After the success of the first Beyond Classically Beautiful photo series, I joined forces with the same creative minds to produce series 2. 

The theme for this one was “The Power Behind our Pain.”  At the time of its release, BeyondClassicallyBeautiful.com didn’t exist, so my style blog, Scripts and Sightings was still my venue.  In the description for Series 2, I wrote:

If I told my 13-year-old self that one day I would launch a photo project and campaign that celebrates the diverse beauty of black women, that young woman wouldn’t believe it.  During my adolescence, beauty was a touchy subject for me.  The stain that colorism often leaves on many young black girls had taken a toll on my self-esteem by then.  I remember looking in the mirror and recognizing my beauty but not having the courage to fully embrace it because of society’s narrow standards.  But the more I think of Beyond Classically Beautiful as a beauty project I launched after years of learning self acceptance, I now fully understand the fact that our pain is indeed our power, our teacher, and our liberator.

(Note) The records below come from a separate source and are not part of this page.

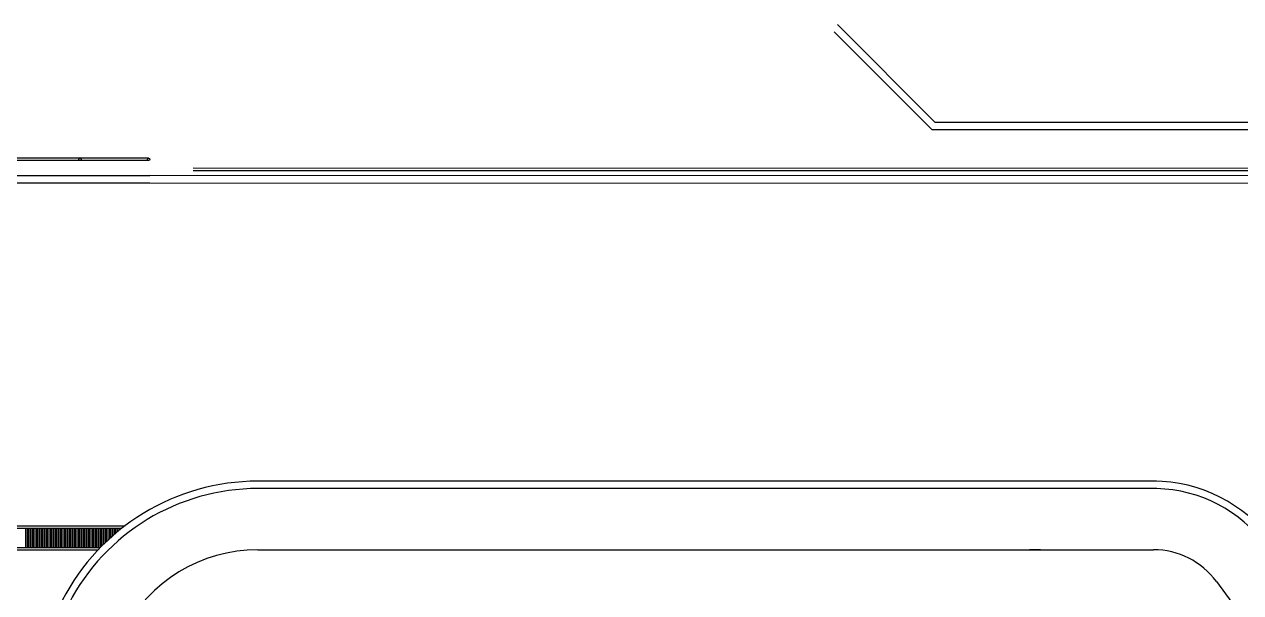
# Model space of a CAD drawing. Header units: metres. Extents: x 2872 to 3316, y -1435 to -1037.
# Drawn here: x 3244.08 to 3252.78, y -1067.6 to -1063.54 of the extents above; entities that cross this region are included whole.
import ezdxf

# ---------------------------------------------------------------- set-up
doc = ezdxf.new("R2010")
doc.units = ezdxf.units.M
doc.header["$MEASUREMENT"] = 0
doc.layers.add('ARQUITETURA', color=253, linetype='CONTINUOUS')

msp = doc.modelspace()

# ---------------------------------------------------------------- linework, layer by layer
at = {"layer": 'ARQUITETURA'}
for p, q in [((3249.8937, -1063.5383, 0), (3250.5939, -1064.2387, 0)), ((3249.872, -1063.5908, 0), (3250.5722, -1064.2913, 0)), ((3254.5143, -1064.239, 0), (3250.5939, -1064.2387, 0)), ((3254.5062, -1064.2913, 0), (3250.5722, -1064.2913, 0)), ((3244.9679, -1064.5112, 0), (3210.5206, -1064.5082, 0)), ((3244.9679, -1064.4937, 0), (3210.5218, -1064.4908, 0)), ((3254.1795, -1064.5676), (3245.2855, -1064.5668)), ((3254.1796, -1064.5851), (3245.2861, -1064.5843)), ((3219.3667, -1064.6718, 0), (3244.9767, -1064.6718, 0)), ((3233.2967, -1064.6193, 0), (3244.9767, -1064.6193, 0)), ((3244.3102, -1064.6721, 0), (3254.8963, -1064.6724, 0)), ((3254.8963, -1064.6199, 0), (3244.9767, -1064.6194, 0)), ((3252.1762, -1066.8038, 0), (3245.7492, -1066.8034, 0)), ((3252.1791, -1066.8564, 0), (3245.7492, -1066.8559, 0)), ((3239.0552, -1067.1218, 0), (3244.7995, -1067.1218, 0)), ((3239.203, -1067.1393, 0), (3244.7768, -1067.1393, 0)), ((3244.09, -1067.2793, 0), (3244.09, -1067.1393, 0)), ((3244.1011, -1067.2793, 0), (3244.1011, -1067.1393, 0)), ((3244.1122, -1067.2793, 0), (3244.1122, -1067.1393, 0)), ((3244.1234, -1067.2793, 0), (3244.1234, -1067.1393, 0)), ((3244.1345, -1067.2793, 0), (3244.1345, -1067.1393, 0)), ((3244.1456, -1067.2793, 0), (3244.1456, -1067.1393, 0)), ((3244.1567, -1067.2793, 0), (3244.1567, -1067.1393, 0)), ((3244.1678, -1067.2793, 0), (3244.1678, -1067.1393, 0)), ((3244.1789, -1067.2793, 0), (3244.1789, -1067.1393, 0)), ((3244.19, -1067.2793, 0), (3244.19, -1067.1393, 0)), ((3244.2011, -1067.2793, 0), (3244.2011, -1067.1393, 0)), ((3244.2123, -1067.2793, 0), (3244.2123, -1067.1393, 0)), ((3244.2234, -1067.2793, 0), (3244.2234, -1067.1393, 0)), ((3244.2345, -1067.2793, 0), (3244.2345, -1067.1393, 0)), ((3244.2456, -1067.2793, 0), (3244.2456, -1067.1393, 0)), ((3244.2567, -1067.2793, 0), (3244.2567, -1067.1393, 0)), ((3244.2678, -1067.2793, 0), (3244.2678, -1067.1393, 0)), ((3244.2789, -1067.2793, 0), (3244.2789, -1067.1393, 0)), ((3244.29, -1067.2793, 0), (3244.29, -1067.1393, 0)), ((3244.3012, -1067.2793, 0), (3244.3012, -1067.1393, 0)), ((3244.3123, -1067.2793, 0), (3244.3123, -1067.1393, 0)), ((3244.3234, -1067.2793, 0), (3244.3234, -1067.1393, 0)), ((3244.3345, -1067.2793, 0), (3244.3345, -1067.1393, 0)), ((3244.3456, -1067.2793, 0), (3244.3456, -1067.1393, 0)), ((3244.3567, -1067.2793, 0), (3244.3567, -1067.1393, 0)), ((3244.3678, -1067.2793, 0), (3244.3678, -1067.1393, 0)), ((3244.3789, -1067.2793, 0), (3244.3789, -1067.1393, 0)), ((3244.3901, -1067.2793, 0), (3244.3901, -1067.1393, 0)), ((3244.4012, -1067.2793, 0), (3244.4012, -1067.1393, 0)), ((3244.4123, -1067.2793, 0), (3244.4123, -1067.1393, 0)), ((3244.4234, -1067.2793, 0), (3244.4234, -1067.1393, 0)), ((3244.4345, -1067.2793, 0), (3244.4345, -1067.1393, 0)), ((3244.4456, -1067.2793, 0), (3244.4456, -1067.1393, 0)), ((3244.4567, -1067.2793, 0), (3244.4567, -1067.1393, 0)), ((3244.4678, -1067.2793, 0), (3244.4678, -1067.1393, 0)), ((3244.479, -1067.2793, 0), (3244.479, -1067.1393, 0)), ((3244.4901, -1067.2793, 0), (3244.4901, -1067.1393, 0)), ((3244.5012, -1067.2793, 0), (3244.5012, -1067.1393, 0)), ((3244.5123, -1067.2793, 0), (3244.5123, -1067.1393, 0)), ((3244.5234, -1067.2793, 0), (3244.5234, -1067.1393, 0)), ((3244.5345, -1067.2793, 0), (3244.5345, -1067.1393, 0)), ((3244.5456, -1067.2793, 0), (3244.5456, -1067.1393, 0)), ((3244.5567, -1067.2793, 0), (3244.5567, -1067.1393, 0)), ((3244.5679, -1067.2793, 0), (3244.5679, -1067.1393, 0)), ((3244.579, -1067.2793, 0), (3244.579, -1067.1393, 0)), ((3244.5901, -1067.2793, 0), (3244.5901, -1067.1393, 0)), ((3244.6012, -1067.2793, 0), (3244.6012, -1067.1393, 0)), ((3244.6123, -1067.2793, 0), (3244.6123, -1067.1393, 0)), ((3244.6234, -1067.2769, 0), (3244.6234, -1067.1393, 0)), ((3244.6345, -1067.266, 0), (3244.6345, -1067.1393, 0)), ((3244.6456, -1067.2551, 0), (3244.6456, -1067.1393, 0)), ((3244.6568, -1067.2443, 0), (3244.6568, -1067.1393, 0)), ((3244.6679, -1067.2336, 0), (3244.6679, -1067.1393, 0)), ((3244.679, -1067.223, 0), (3244.679, -1067.1393, 0)), ((3244.6901, -1067.2124, 0), (3244.6901, -1067.1393, 0)), ((3244.7012, -1067.2023, 0), (3244.7012, -1067.1393, 0)), ((3244.7123, -1067.1921, 0), (3244.7123, -1067.1393, 0)), ((3244.7234, -1067.182, 0), (3244.7234, -1067.1393, 0)), ((3244.7345, -1067.1725, 0), (3244.7345, -1067.1393, 0)), ((3244.7457, -1067.1629, 0), (3244.7457, -1067.1393, 0)), ((3244.7568, -1067.1542, 0), (3244.7568, -1067.1393, 0)), ((3244.7679, -1067.1459, 0), (3244.7679, -1067.1393, 0)), ((3244.621, -1067.2793, 0), (3239.6275, -1067.2793, 0)), ((3245.7492, -1067.2934, 0), (3252.155, -1067.2936, 0)), ((3251.3457, -1067.2936, 0), (3251.2685, -1067.2936, 0)), ((3244.6042, -1067.2968, 0), (3239.6601, -1067.2968, 0)), ((3252.6048, -1067.5201, 0), (3255.6702, -1071.7006, 0))]:
    msp.add_line(p, q, dxfattribs=at)
for centre in [(3244.4776, -1064.5024, 0), (3244.9679, -1064.5024, 0)]:
    msp.add_circle(centre, 0.00875, dxfattribs=at)
at = {"layer": 'ARQUITETURA', "extrusion": (-1.49407e-08, -7.85055e-08, 1)}
for radius in [1.575, 1.5225]:
    msp.add_arc((3245.7491, -1068.3784, 0), radius, 89.99511, 215.39697, dxfattribs=at)
at = {"layer": 'ARQUITETURA'}
for centre, radius, start, end in [((3252.155, -1067.8535, 0), 1.0499, 36.24856, 90), ((3245.7491, -1068.3784, 0), 1.085, 89.99511, 215.39697), ((3252.155, -1067.8536, 0), 0.56, 36.55877, 89.99852)]:
    msp.add_arc(centre, radius, start, end, dxfattribs=at)
at = {"layer": 'ARQUITETURA', "extrusion": (1.72922e-09, -5.96912e-08, 1)}
msp.add_arc((3252.155, -1067.8536, 0.0001), 0.9975, 36.25087, 88.61671, dxfattribs=at)

doc.saveas('drawing.dxf')

Having the ability to push through hardship and pain is the reason I love and admire black women. We are dynamic, strong, and resilient.  Time and again we rise above all of the jabs the media throws our way and the idea that our place in society is at the bottom.  All of this we’ve done by using our pain to propel us beyond the boundaries that are set before us.  Our trials continue to manifest into our greatest triumphs.

“The Power Behind our Pain” inadvertently became the concept for this installment of Beyond Classically Beautiful.  Our models in the series come from diverse backgrounds, yet they share one thing: they’ve mastered the idea of using their past struggles to enhance their lives and inspire others, whether through their participation in this project or in their life’s work.  Take Pamela Nanton for example: she’s the founder of PLY Apparel, a high end line of plus sized clothing.  As a ten-year breast cancer survivor she’s made it a point to use her brand and designs to raise proceeds for breast cancer awareness.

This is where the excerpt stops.